Difficile toutefois de savoir si Benson causait autant de maux de tête à St-Louis qu’il doit le faire en ce moment. Interrogé au sujet de cette rencontre, St-Louis a dit qu’il ne se souvenait pas avoir déjà croisé Benson.
« Comme joueur, tu prends beaucoup de photos (avec des partisans) », a-t-il rigolé.
En quatre matchs contre le Tricolore, la peste de 21 ans a récolté deux buts et deux aides, et c’est lui qui a inscrit le but qui a fait la différence au dernier affrontement.
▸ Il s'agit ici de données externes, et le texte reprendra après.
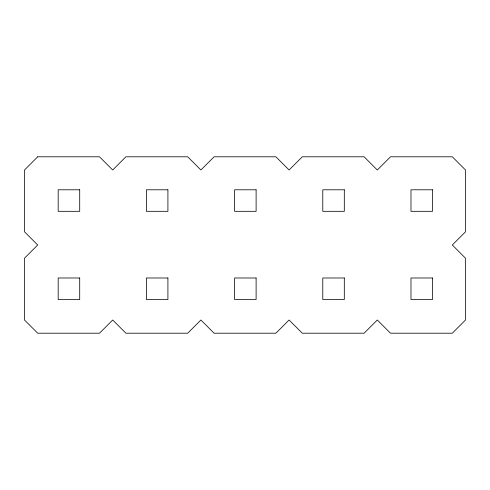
<?xml version="1.0" encoding="UTF-8"?>
<svg xmlns="http://www.w3.org/2000/svg" width="490" height="490" viewBox="0 0 490 490"><rect width="100%" height="100%" fill="white"/><g stroke="black" fill="none" stroke-linecap="round" stroke-linejoin="round"><path stroke-width="0.73" d="M37.693 156.8L24.5 169.993L24.5 231.807L37.693 245L24.5 258.193L24.5 320.007L37.693 333.2L99.507 333.2L112.7 320.007L125.893 333.2L187.707 333.2L200.9 320.007L214.093 333.2L275.907 333.2L289.1 320.007L302.293 333.2L364.107 333.2L377.3 320.007L390.493 333.2L452.307 333.2L465.5 320.007L465.5 258.193L452.307 245L465.5 231.807L465.5 169.993L452.307 156.8L390.493 156.8L377.3 169.993L364.107 156.8L302.293 156.8L289.1 169.993L275.907 156.8L214.093 156.8L200.9 169.993L187.707 156.8L125.893 156.8L112.7 169.993L99.507 156.8L37.693 156.8M79.711 189.789L58.181 189.789L58.181 211.319L79.711 211.319L79.711 189.789M167.911 189.789L146.381 189.789L146.381 211.319L167.911 211.319L167.911 189.789M256.111 189.789L234.581 189.789L234.581 211.319L256.111 211.319L256.111 189.789M344.311 189.789L322.781 189.789L322.781 211.319L344.311 211.319L344.311 189.789M432.511 189.789L410.981 189.789L410.981 211.319L432.511 211.319L432.511 189.789M79.711 277.989L58.181 277.989L58.181 299.519L79.711 299.519L79.711 277.989M167.911 277.989L146.381 277.989L146.381 299.519L167.911 299.519L167.911 277.989M256.111 277.989L234.581 277.989L234.581 299.519L256.111 299.519L256.111 277.989M344.311 277.989L322.781 277.989L322.781 299.519L344.311 299.519L344.311 277.989M432.511 277.989L410.981 277.989L410.981 299.519L432.511 299.519L432.511 277.989"/></g></svg>

À sa première présence en séries, Benson vient au quatrième rang des pointeurs des Sabres avec quatre buts et sept points en 10 matchs.
Le natif de Chilliwack, en Colombie-Britannique, a manifestement appris des meilleurs. Benson est né presque un an après la conquête de la Coupe Stanley de St-Louis avec le Lightning, en 2004, mais il a tout de même pu le voir à l’œuvre dans les dernières années de sa carrière, avec les Rangers.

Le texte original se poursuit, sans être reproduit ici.